• **Problem description**
When you return the lines below, go from the first through the line with "[diagram v2a: schematic, before]", keep them exact, and leave out every picture.

◇ ◇ ◇ ◇

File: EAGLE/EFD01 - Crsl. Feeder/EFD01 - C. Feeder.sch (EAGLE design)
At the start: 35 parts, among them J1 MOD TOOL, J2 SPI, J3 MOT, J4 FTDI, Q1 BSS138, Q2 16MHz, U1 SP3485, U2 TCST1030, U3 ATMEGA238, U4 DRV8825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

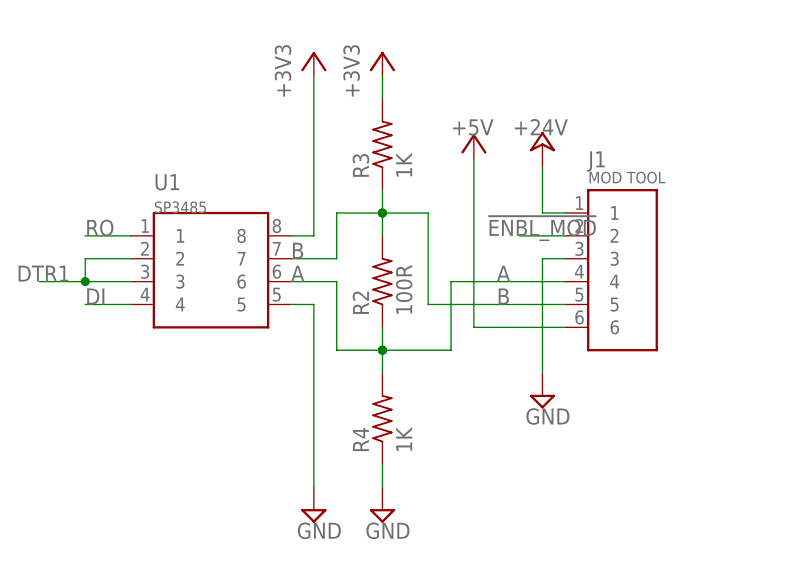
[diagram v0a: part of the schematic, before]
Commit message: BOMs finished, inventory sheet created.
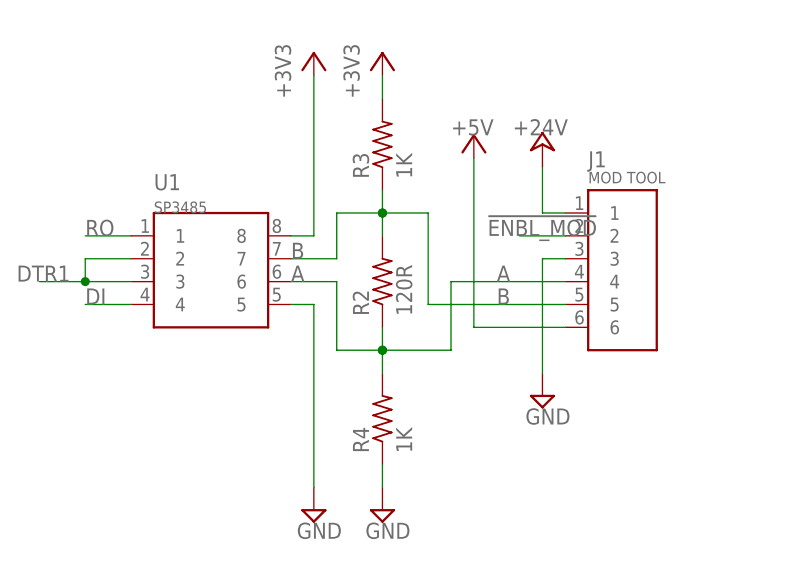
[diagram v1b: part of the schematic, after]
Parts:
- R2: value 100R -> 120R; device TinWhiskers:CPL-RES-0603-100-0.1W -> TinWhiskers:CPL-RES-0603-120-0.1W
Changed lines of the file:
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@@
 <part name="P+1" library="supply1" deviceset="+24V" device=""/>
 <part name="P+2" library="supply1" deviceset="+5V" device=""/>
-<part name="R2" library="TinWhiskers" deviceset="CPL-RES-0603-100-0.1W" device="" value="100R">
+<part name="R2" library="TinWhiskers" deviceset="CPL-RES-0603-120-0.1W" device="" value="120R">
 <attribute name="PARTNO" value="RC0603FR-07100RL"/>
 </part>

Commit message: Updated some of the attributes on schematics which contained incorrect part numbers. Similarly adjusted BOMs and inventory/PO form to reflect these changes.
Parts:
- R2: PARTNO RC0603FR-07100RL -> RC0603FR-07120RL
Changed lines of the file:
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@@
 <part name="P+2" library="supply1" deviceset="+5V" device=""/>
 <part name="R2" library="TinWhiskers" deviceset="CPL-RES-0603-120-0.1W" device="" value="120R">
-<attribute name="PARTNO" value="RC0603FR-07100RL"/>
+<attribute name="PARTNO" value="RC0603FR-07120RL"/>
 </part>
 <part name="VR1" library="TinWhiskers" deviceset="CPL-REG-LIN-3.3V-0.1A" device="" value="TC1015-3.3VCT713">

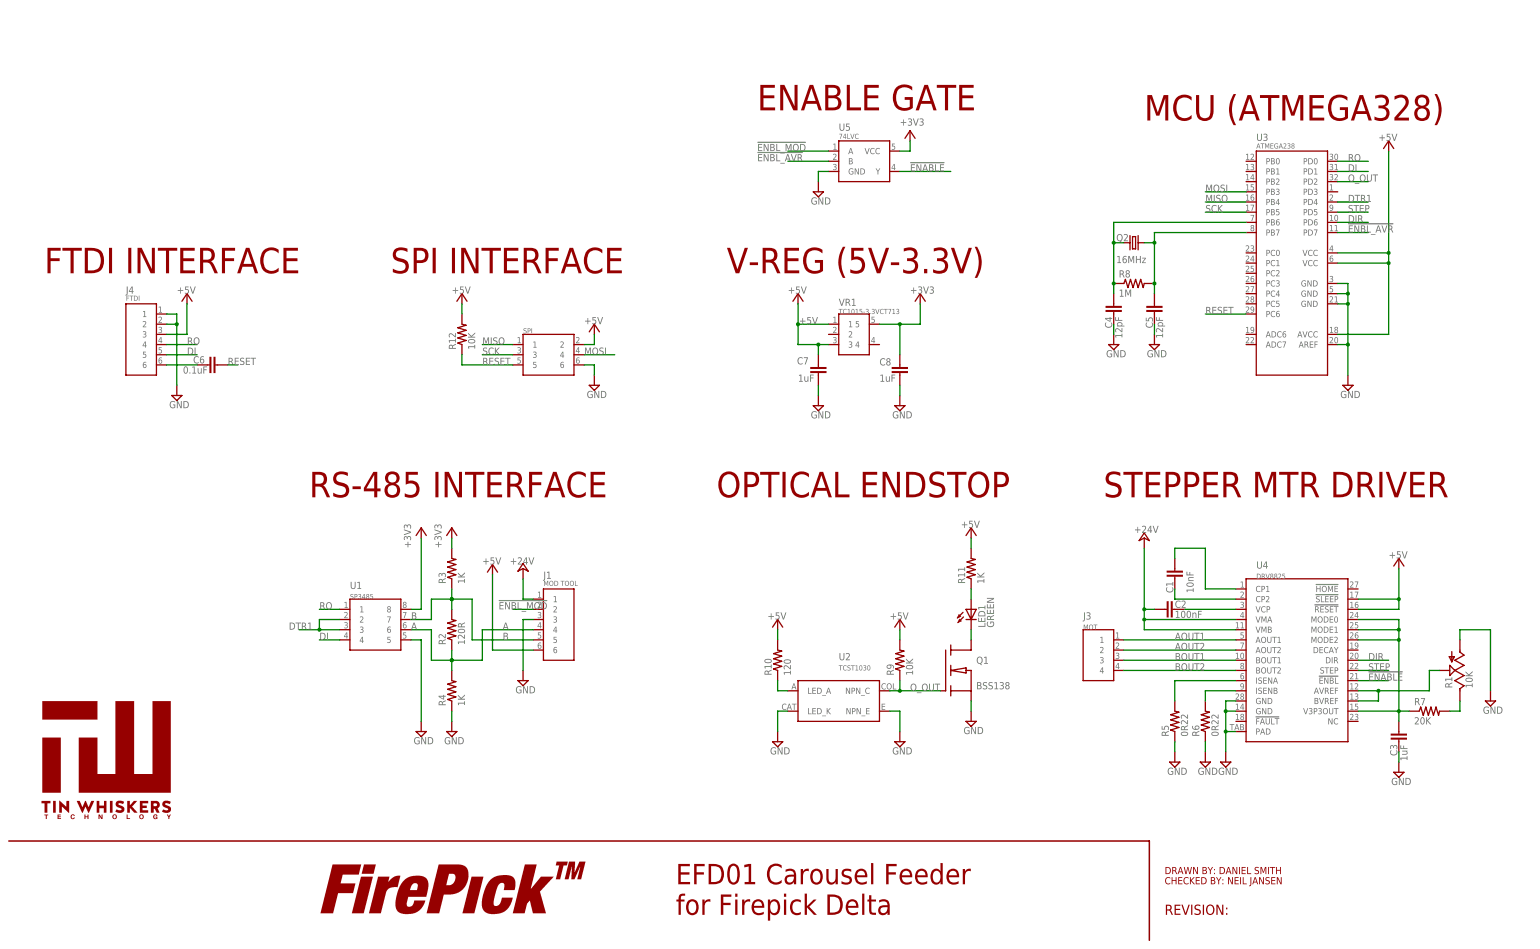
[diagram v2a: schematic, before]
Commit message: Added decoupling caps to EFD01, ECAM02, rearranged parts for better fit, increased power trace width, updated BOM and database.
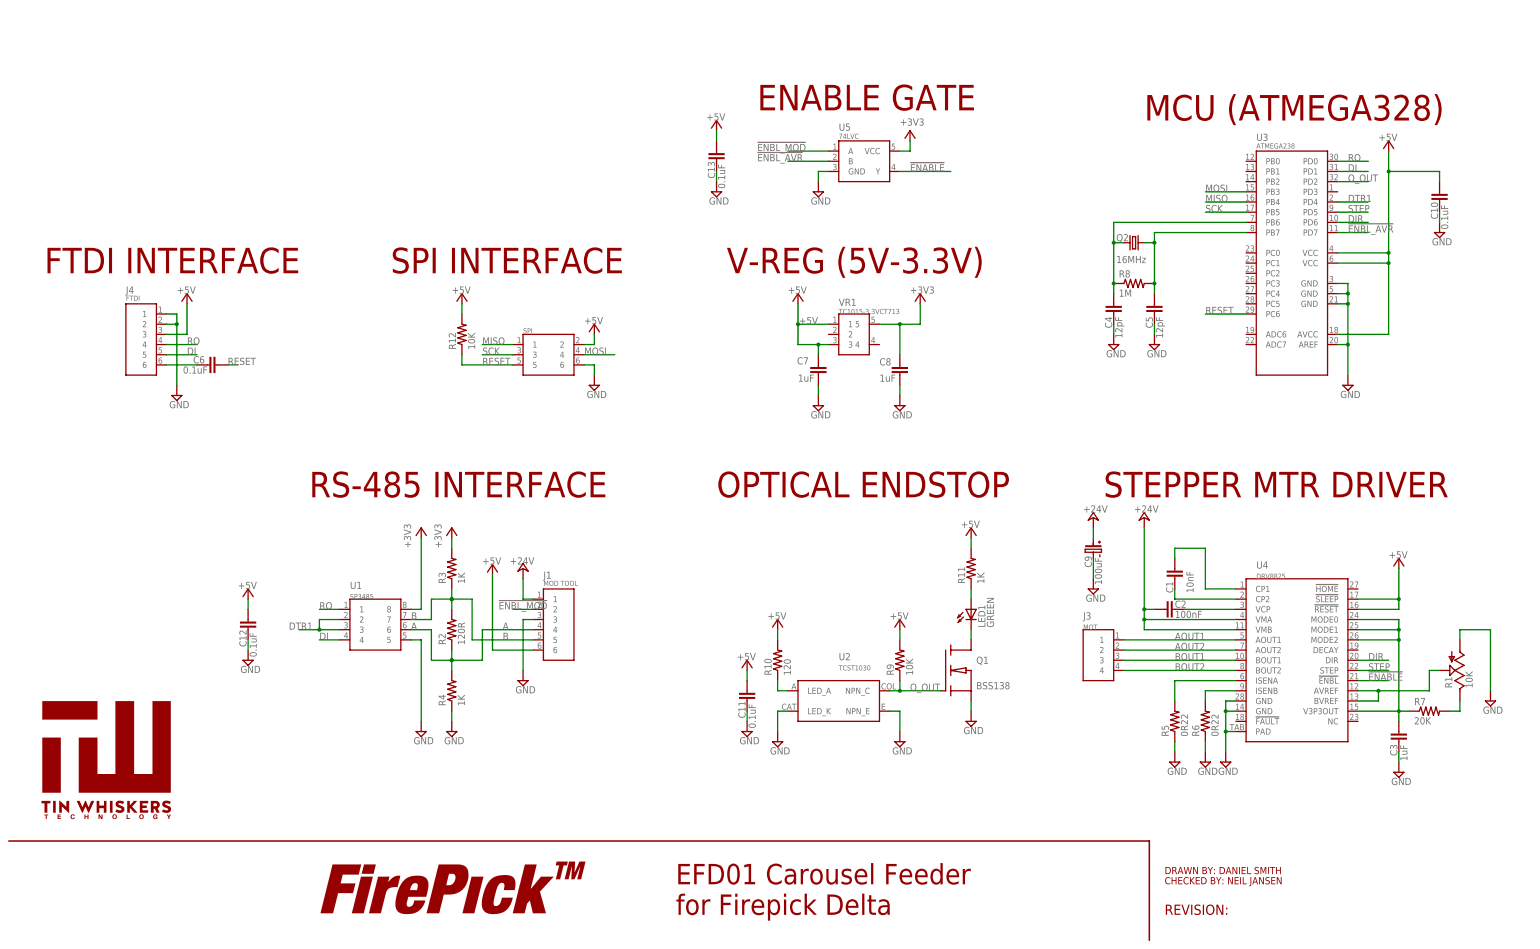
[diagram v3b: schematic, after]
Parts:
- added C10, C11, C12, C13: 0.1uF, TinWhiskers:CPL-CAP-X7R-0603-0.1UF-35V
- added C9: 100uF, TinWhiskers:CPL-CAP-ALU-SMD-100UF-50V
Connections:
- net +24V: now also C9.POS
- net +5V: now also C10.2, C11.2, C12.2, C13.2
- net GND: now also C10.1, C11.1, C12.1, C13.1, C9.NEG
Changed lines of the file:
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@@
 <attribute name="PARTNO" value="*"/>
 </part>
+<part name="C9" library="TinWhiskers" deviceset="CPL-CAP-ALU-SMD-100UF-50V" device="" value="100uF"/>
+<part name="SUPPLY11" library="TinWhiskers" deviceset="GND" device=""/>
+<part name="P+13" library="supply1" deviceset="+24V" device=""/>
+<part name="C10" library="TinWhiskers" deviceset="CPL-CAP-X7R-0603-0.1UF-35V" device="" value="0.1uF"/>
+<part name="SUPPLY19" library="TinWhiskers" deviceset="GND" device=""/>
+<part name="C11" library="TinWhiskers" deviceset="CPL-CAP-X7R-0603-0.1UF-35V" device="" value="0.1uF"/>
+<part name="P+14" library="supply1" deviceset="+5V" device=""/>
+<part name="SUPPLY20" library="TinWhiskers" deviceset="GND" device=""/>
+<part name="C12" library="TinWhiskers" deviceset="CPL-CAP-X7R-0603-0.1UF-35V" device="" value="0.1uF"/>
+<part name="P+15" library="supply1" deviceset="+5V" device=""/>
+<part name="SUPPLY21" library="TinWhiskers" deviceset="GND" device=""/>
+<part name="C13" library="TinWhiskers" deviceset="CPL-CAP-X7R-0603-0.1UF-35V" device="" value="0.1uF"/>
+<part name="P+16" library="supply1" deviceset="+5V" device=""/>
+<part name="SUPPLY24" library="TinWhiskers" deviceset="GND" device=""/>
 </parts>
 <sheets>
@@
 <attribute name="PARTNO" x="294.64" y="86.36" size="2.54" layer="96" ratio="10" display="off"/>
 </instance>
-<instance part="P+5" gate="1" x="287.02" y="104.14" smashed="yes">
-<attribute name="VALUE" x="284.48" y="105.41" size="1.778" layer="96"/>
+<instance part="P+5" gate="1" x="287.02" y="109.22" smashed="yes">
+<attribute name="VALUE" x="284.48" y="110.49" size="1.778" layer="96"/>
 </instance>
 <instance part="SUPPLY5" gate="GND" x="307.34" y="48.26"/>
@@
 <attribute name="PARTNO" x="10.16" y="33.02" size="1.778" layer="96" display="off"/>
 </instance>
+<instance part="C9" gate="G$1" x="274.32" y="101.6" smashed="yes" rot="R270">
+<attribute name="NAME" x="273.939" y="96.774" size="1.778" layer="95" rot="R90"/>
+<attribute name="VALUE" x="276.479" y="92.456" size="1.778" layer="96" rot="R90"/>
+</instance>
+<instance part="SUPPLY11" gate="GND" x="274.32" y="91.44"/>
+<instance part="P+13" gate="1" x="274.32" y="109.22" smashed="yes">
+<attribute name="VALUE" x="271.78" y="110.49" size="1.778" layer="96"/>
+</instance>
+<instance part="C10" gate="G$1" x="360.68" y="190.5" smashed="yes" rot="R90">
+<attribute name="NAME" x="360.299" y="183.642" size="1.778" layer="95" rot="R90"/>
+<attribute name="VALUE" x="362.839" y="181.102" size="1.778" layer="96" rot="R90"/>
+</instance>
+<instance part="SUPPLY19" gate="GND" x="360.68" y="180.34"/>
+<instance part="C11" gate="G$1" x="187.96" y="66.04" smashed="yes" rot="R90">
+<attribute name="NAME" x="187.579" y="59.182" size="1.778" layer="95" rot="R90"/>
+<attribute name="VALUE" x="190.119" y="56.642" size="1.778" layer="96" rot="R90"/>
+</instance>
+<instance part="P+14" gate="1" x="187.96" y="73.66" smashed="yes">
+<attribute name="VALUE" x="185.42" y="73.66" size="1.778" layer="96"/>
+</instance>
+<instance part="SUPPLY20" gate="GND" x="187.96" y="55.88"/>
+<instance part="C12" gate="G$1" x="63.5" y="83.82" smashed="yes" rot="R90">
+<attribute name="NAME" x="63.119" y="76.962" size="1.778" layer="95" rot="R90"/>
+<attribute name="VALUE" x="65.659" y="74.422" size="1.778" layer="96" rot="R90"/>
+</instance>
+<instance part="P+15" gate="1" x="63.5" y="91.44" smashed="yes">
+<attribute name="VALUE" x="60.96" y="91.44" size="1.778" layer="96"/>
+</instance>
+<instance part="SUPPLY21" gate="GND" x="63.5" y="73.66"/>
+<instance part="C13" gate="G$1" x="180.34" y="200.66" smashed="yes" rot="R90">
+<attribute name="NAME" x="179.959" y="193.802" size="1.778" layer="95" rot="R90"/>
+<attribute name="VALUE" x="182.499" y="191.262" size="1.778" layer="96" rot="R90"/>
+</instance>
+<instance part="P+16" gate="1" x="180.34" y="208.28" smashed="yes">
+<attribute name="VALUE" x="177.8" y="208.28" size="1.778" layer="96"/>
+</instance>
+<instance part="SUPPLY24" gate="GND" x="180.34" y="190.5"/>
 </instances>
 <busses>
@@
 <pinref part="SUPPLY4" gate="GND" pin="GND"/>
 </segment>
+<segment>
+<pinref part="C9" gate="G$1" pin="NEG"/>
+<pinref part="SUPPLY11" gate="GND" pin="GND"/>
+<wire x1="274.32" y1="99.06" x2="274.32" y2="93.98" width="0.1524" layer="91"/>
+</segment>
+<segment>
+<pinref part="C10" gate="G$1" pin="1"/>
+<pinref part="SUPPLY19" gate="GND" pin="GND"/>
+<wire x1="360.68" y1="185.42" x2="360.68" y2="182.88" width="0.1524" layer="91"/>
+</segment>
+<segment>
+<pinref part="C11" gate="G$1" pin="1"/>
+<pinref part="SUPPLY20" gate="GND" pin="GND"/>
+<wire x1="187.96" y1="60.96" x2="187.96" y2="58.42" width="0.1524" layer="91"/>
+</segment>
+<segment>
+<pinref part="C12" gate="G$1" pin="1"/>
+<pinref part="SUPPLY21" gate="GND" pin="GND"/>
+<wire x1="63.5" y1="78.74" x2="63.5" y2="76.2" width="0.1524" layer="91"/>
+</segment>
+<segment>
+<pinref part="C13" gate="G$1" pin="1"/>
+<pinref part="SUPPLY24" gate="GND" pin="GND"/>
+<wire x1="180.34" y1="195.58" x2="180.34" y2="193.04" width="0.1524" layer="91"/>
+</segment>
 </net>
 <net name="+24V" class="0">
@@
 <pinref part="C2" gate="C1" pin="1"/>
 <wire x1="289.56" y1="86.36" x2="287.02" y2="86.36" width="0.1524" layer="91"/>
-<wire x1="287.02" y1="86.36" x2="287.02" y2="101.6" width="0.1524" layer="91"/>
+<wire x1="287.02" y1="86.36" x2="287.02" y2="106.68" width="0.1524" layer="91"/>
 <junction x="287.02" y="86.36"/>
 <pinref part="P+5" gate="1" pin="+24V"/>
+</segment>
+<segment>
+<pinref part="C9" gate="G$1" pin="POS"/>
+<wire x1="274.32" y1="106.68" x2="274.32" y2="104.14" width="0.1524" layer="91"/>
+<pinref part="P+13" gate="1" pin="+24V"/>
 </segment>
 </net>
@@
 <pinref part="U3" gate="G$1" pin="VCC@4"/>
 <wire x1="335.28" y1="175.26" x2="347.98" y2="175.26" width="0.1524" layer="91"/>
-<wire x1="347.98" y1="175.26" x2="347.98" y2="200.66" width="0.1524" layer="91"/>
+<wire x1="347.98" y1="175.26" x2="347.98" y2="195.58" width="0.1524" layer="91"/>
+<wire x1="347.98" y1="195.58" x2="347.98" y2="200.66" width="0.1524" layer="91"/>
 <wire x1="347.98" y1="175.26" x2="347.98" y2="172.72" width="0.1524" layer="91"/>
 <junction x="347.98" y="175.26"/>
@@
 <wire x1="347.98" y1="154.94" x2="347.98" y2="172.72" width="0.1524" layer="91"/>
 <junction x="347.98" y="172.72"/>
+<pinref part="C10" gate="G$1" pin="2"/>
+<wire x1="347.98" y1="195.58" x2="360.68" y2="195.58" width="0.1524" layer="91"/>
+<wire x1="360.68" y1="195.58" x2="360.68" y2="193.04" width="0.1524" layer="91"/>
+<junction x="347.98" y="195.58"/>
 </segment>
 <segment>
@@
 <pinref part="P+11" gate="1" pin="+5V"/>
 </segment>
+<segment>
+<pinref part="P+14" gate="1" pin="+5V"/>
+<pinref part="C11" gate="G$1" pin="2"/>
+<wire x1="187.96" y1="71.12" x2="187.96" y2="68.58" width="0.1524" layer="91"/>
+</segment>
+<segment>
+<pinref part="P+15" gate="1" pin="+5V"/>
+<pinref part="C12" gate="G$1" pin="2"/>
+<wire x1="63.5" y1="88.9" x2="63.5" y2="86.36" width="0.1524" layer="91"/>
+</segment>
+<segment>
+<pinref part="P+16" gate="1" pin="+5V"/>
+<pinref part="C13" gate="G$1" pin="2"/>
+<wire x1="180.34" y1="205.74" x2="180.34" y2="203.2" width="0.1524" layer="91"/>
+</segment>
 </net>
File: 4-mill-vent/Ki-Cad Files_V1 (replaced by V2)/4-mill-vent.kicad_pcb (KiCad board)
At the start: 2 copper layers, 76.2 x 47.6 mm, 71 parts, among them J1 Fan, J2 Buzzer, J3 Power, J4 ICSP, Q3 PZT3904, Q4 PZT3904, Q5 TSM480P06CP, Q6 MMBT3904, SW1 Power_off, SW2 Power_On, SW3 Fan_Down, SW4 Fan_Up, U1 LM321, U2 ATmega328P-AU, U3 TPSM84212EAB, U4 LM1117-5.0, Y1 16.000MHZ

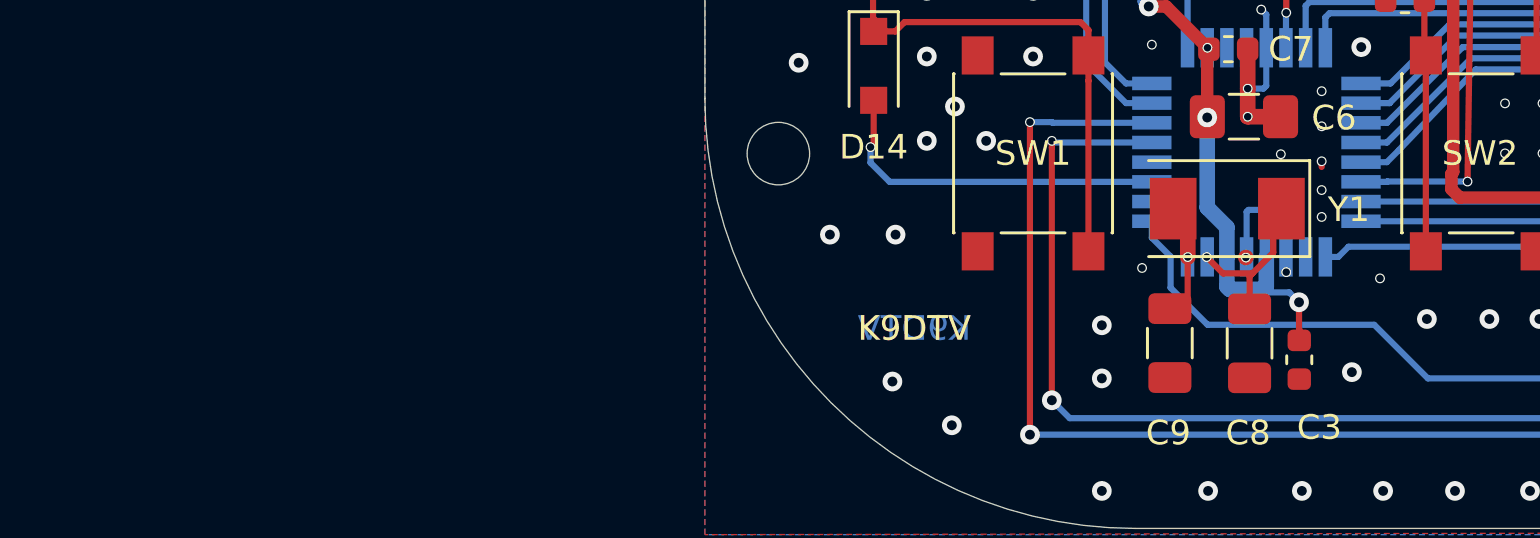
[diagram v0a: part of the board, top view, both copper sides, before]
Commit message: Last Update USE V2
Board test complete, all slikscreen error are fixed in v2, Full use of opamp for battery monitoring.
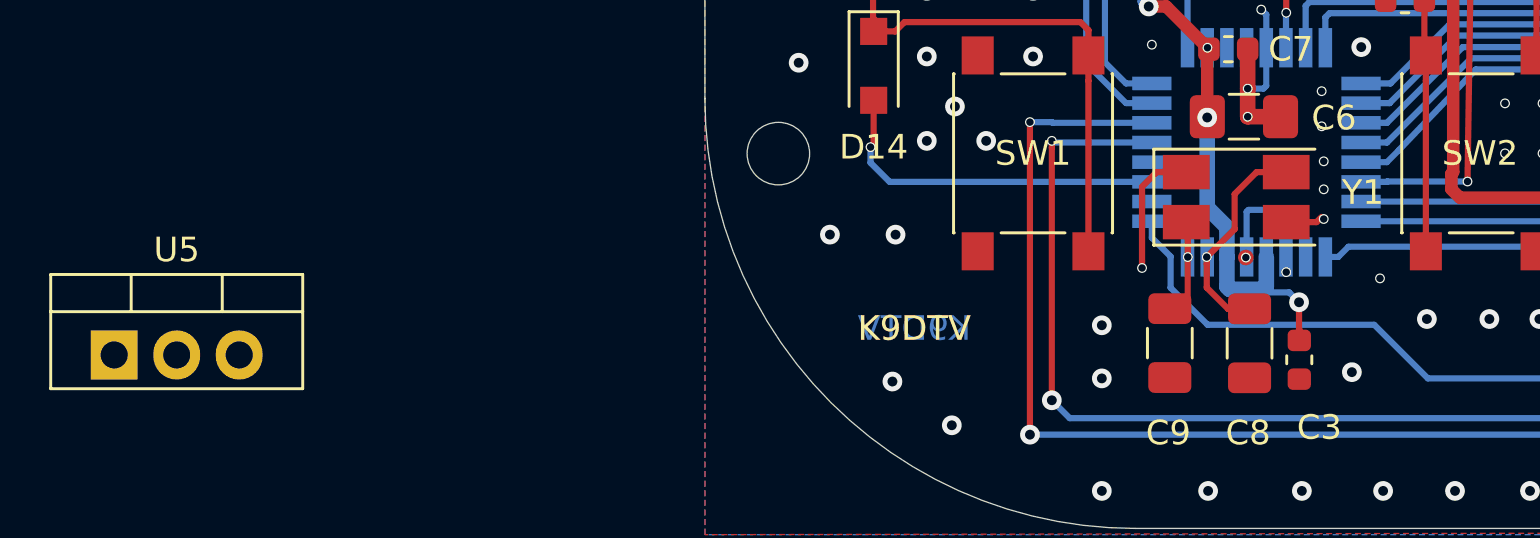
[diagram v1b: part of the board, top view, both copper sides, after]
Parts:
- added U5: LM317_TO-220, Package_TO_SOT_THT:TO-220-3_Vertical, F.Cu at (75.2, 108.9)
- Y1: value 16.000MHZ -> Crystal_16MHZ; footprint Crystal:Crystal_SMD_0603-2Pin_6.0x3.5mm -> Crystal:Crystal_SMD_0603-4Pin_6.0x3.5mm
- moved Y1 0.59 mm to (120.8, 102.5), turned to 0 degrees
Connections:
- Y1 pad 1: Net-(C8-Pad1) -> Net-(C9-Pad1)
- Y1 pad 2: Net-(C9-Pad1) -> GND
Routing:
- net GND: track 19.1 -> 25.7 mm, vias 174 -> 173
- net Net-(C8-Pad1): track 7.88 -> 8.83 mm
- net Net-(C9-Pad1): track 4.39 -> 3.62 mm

◇ ◇ ◇ ◇

• **Answer to the problem**
File: EAGLE/EFD01 - Crsl. Feeder/EFD01 - C. Feeder.sch (EAGLE design)
At the start: 35 parts, among them J1 MOD TOOL, J2 SPI, J3 MOT, J4 FTDI, Q1 BSS138, Q2 16MHz, U1 SP3485, U2 TCST1030, U3 ATMEGA238, U4 DRV8825

[diagram v0a: part of the schematic, before]
Commit message: BOMs finished, inventory sheet created.
[diagram v1b: part of the schematic, after]
Parts:
- R2: value 100R -> 120R; device TinWhiskers:CPL-RES-0603-100-0.1W -> TinWhiskers:CPL-RES-0603-120-0.1W
Changed lines of the file:
@@
 <part name="P+1" library="supply1" deviceset="+24V" device=""/>
 <part name="P+2" library="supply1" deviceset="+5V" device=""/>
-<part name="R2" library="TinWhiskers" deviceset="CPL-RES-0603-100-0.1W" device="" value="100R">
+<part name="R2" library="TinWhiskers" deviceset="CPL-RES-0603-120-0.1W" device="" value="120R">
 <attribute name="PARTNO" value="RC0603FR-07100RL"/>
 </part>

Commit message: Updated some of the attributes on schematics which contained incorrect part numbers. Similarly adjusted BOMs and inventory/PO form to reflect these changes.
Parts:
- R2: PARTNO RC0603FR-07100RL -> RC0603FR-07120RL
Changed lines of the file:
@@
 <part name="P+2" library="supply1" deviceset="+5V" device=""/>
 <part name="R2" library="TinWhiskers" deviceset="CPL-RES-0603-120-0.1W" device="" value="120R">
-<attribute name="PARTNO" value="RC0603FR-07100RL"/>
+<attribute name="PARTNO" value="RC0603FR-07120RL"/>
 </part>
 <part name="VR1" library="TinWhiskers" deviceset="CPL-REG-LIN-3.3V-0.1A" device="" value="TC1015-3.3VCT713">

[diagram v2a: schematic, before]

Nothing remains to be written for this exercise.